--- RECORDS FOR THIS EXERCISE Enclosed Below ---

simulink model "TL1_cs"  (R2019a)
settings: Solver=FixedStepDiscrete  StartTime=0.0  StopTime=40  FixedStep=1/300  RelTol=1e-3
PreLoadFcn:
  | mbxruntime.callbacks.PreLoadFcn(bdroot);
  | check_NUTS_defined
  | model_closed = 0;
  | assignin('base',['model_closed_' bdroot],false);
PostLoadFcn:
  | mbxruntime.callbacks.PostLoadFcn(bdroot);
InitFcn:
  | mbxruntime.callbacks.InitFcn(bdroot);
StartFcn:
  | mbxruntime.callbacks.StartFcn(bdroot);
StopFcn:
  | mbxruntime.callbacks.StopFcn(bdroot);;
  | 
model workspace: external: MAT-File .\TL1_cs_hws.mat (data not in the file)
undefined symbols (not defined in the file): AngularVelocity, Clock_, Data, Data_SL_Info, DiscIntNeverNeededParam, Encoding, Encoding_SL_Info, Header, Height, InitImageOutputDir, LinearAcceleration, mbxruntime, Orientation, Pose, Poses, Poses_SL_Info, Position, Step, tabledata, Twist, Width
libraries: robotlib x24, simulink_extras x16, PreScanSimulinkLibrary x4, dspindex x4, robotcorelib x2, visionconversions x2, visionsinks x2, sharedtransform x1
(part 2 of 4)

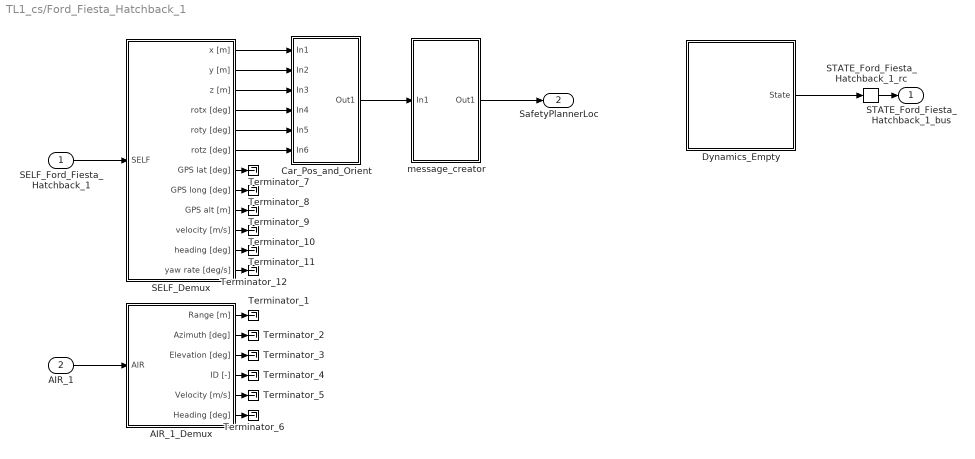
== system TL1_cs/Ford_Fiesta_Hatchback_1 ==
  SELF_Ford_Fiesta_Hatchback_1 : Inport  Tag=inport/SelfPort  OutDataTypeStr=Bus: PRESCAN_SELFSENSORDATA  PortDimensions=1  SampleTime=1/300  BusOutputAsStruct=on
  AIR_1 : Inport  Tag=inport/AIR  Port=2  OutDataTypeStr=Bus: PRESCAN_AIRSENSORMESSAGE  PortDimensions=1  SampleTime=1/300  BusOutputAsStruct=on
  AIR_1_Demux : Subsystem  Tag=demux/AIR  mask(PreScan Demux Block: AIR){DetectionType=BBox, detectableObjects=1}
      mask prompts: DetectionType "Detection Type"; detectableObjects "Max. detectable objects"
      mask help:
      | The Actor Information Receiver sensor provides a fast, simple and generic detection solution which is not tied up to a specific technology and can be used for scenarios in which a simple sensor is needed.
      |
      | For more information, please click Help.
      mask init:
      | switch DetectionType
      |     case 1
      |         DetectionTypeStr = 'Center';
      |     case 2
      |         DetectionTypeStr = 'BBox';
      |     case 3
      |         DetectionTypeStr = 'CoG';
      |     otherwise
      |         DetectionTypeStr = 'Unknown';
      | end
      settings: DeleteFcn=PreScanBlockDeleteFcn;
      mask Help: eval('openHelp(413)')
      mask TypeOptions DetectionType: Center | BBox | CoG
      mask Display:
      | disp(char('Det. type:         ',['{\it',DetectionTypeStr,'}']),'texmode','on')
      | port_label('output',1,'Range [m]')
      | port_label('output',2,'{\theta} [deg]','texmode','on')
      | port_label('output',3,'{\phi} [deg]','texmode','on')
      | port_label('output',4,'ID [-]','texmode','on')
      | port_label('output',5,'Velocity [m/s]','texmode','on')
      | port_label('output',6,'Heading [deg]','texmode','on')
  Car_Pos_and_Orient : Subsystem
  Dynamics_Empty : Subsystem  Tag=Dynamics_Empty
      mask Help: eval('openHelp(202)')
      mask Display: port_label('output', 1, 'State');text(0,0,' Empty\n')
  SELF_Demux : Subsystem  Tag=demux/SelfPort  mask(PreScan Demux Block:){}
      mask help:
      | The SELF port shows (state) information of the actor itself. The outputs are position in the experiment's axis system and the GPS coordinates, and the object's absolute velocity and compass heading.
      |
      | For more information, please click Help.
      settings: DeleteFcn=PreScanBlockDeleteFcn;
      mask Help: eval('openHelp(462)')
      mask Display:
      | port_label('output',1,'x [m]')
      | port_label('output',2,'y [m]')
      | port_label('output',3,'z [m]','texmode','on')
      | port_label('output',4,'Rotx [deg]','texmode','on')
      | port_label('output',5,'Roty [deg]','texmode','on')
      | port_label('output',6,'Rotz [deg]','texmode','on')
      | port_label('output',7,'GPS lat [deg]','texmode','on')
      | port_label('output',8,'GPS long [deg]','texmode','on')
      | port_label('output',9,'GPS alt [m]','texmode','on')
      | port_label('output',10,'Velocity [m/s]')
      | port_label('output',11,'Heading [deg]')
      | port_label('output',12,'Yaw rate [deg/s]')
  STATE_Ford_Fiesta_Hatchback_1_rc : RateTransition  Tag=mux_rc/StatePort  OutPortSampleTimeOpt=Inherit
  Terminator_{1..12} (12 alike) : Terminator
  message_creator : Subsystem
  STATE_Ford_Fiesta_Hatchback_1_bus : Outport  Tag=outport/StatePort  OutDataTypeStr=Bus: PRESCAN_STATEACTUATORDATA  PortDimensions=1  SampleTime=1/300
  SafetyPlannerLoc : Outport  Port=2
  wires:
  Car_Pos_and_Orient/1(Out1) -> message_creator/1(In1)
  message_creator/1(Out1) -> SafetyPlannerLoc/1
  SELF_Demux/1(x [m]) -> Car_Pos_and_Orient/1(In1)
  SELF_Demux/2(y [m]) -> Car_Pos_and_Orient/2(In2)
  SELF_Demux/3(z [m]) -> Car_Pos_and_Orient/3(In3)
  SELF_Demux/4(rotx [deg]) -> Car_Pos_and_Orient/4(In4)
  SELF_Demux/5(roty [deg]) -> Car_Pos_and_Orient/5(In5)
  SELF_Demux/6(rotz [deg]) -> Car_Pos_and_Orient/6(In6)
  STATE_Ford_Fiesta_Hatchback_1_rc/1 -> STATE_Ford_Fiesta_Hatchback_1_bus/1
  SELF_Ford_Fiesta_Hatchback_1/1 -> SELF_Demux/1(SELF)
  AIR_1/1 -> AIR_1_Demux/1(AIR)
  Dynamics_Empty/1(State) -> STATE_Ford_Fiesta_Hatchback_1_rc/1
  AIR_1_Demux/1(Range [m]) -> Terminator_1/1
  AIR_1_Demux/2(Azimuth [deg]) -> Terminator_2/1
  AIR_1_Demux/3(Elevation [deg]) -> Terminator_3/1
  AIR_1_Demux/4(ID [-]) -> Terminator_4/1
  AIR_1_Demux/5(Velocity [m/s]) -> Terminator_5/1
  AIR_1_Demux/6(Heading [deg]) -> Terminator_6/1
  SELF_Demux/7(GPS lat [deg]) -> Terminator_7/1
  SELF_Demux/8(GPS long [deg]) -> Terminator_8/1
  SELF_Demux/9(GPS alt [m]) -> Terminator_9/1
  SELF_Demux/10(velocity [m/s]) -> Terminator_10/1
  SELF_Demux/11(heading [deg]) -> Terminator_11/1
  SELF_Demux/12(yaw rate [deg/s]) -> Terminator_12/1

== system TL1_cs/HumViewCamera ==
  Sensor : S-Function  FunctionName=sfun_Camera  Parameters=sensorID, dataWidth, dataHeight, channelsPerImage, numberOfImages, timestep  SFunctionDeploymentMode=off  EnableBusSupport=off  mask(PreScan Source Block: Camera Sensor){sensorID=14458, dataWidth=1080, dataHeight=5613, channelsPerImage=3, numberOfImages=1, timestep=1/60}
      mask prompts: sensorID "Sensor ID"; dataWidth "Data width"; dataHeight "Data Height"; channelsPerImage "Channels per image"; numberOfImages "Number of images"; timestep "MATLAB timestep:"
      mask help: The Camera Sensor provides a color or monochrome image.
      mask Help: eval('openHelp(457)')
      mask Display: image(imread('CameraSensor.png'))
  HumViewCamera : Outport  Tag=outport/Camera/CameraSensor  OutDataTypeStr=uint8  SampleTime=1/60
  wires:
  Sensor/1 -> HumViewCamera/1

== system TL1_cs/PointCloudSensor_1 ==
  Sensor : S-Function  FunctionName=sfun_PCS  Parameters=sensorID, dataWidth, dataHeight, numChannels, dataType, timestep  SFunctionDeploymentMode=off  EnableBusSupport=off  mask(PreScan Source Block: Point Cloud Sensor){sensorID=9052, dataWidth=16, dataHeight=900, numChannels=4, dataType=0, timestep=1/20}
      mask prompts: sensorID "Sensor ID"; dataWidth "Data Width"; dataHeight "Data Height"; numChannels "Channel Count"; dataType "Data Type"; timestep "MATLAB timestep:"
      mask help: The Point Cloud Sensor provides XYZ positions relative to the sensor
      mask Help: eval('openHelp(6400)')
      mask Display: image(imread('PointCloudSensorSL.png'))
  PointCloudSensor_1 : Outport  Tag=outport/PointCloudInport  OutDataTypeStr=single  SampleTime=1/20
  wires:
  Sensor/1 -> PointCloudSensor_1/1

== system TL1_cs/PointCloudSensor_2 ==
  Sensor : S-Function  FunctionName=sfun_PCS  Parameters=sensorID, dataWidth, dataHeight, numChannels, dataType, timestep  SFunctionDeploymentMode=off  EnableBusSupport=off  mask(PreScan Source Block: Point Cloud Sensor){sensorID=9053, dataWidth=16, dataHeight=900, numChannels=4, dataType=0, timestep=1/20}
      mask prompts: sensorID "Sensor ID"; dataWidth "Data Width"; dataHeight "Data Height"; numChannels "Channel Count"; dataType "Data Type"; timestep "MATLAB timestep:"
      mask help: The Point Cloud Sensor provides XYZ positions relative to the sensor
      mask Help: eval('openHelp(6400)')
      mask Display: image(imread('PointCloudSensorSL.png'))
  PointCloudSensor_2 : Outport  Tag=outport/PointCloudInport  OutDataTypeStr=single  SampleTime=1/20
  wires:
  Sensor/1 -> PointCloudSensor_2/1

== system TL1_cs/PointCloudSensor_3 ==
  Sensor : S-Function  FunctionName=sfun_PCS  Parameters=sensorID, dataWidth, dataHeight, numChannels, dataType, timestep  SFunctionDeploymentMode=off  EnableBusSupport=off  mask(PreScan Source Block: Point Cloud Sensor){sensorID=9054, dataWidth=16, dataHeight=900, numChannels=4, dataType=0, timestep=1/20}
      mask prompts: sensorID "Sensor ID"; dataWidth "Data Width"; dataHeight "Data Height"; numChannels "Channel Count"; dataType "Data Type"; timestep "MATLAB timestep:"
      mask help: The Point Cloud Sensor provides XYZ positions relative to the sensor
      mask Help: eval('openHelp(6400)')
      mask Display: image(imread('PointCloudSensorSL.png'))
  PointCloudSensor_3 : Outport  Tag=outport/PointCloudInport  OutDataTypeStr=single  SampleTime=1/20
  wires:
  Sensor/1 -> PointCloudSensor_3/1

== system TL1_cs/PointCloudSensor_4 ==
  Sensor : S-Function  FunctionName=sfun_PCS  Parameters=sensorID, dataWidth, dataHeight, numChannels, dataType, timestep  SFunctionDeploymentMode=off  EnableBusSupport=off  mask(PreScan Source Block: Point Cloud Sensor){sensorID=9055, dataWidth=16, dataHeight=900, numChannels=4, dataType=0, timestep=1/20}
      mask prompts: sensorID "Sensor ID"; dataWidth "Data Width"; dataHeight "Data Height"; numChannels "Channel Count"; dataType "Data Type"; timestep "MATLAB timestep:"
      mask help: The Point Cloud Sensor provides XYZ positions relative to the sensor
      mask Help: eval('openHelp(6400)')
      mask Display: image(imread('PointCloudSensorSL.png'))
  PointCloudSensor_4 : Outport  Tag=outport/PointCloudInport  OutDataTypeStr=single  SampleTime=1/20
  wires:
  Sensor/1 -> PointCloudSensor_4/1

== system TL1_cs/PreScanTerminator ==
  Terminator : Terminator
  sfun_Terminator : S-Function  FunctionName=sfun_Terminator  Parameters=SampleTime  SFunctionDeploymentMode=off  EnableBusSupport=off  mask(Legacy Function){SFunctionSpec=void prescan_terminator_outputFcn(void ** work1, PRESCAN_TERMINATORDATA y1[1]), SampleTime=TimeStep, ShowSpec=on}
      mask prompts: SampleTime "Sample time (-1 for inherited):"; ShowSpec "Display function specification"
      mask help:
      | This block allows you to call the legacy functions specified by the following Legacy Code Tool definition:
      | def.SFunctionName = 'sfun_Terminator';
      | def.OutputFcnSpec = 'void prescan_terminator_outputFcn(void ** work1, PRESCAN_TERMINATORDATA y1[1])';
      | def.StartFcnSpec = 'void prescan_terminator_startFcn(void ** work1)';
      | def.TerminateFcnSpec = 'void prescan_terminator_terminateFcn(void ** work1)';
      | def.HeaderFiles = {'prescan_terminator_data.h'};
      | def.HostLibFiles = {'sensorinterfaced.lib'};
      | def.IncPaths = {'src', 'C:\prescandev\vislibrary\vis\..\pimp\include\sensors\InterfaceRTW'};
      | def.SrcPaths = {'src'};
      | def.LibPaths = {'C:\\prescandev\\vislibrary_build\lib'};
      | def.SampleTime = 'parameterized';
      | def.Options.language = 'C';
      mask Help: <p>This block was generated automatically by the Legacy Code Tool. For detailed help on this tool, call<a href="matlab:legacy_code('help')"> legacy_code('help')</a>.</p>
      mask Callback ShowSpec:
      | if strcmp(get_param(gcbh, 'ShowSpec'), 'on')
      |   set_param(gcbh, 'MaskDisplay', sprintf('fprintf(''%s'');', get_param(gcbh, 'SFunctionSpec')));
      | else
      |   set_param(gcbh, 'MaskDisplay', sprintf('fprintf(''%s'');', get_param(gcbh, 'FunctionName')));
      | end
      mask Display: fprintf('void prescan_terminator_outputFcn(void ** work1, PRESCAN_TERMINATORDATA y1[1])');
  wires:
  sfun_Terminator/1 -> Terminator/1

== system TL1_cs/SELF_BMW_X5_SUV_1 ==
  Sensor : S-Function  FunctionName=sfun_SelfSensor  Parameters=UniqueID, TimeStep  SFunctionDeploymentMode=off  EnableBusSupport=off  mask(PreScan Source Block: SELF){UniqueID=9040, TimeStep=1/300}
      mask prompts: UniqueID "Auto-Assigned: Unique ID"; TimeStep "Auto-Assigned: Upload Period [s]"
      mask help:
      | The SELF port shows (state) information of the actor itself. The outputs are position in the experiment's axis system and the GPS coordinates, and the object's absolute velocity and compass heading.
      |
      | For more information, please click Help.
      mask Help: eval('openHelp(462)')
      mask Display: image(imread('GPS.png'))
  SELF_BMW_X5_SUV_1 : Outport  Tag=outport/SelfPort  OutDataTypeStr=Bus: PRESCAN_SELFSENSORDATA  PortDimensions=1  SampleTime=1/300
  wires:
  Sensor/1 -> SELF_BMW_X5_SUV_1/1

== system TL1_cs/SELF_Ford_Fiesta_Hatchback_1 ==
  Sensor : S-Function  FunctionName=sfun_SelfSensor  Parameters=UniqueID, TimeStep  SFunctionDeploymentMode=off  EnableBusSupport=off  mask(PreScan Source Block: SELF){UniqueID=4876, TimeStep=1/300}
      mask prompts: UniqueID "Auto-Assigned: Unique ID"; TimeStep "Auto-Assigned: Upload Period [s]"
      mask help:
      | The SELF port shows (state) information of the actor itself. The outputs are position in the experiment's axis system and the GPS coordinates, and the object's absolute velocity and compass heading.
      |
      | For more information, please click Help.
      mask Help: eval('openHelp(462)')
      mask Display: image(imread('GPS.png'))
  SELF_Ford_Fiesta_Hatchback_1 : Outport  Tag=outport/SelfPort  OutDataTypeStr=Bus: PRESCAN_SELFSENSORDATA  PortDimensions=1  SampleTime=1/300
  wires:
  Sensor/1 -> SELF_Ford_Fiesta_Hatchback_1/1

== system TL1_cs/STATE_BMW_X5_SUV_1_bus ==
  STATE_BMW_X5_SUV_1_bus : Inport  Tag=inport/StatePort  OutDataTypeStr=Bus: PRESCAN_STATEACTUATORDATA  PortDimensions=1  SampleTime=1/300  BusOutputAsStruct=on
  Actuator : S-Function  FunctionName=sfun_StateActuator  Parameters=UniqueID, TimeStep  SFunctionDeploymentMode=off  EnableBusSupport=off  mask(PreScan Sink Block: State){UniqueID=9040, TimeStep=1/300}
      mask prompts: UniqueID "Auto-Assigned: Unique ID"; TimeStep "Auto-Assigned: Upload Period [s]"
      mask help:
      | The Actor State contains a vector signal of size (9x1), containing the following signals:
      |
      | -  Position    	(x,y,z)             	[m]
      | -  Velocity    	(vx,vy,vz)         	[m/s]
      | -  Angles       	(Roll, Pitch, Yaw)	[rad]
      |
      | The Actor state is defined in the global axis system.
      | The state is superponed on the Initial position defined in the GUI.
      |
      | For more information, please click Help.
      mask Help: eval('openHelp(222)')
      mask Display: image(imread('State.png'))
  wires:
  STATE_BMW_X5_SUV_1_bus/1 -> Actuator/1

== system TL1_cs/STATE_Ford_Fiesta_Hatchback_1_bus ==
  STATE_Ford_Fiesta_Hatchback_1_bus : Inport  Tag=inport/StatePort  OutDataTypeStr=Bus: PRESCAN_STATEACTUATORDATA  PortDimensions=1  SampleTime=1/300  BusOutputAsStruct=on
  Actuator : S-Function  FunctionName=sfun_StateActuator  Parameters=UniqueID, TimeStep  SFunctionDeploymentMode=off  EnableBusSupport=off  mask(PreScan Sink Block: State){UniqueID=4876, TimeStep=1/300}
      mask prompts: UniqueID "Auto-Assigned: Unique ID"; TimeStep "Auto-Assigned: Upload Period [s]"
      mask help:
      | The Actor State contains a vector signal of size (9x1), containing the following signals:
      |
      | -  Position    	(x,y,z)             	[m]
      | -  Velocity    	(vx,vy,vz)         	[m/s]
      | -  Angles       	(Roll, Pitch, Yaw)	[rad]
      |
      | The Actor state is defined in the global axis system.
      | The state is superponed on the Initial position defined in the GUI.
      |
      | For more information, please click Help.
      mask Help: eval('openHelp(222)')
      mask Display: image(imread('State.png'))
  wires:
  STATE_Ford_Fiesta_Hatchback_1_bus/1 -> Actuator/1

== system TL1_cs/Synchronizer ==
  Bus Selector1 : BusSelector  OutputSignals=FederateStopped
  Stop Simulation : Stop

--- End of Enclosed RECORDS FOR THIS EXERCISE ---

▸ **EXERCISE**
Using the listing above, return all lines where the word "SafetyPlannerLoc" occurs.

▸ **TASK RESPONSE**
  SafetyPlannerLoc : Outport  Port=2
  message_creator/1(Out1) -> SafetyPlannerLoc/1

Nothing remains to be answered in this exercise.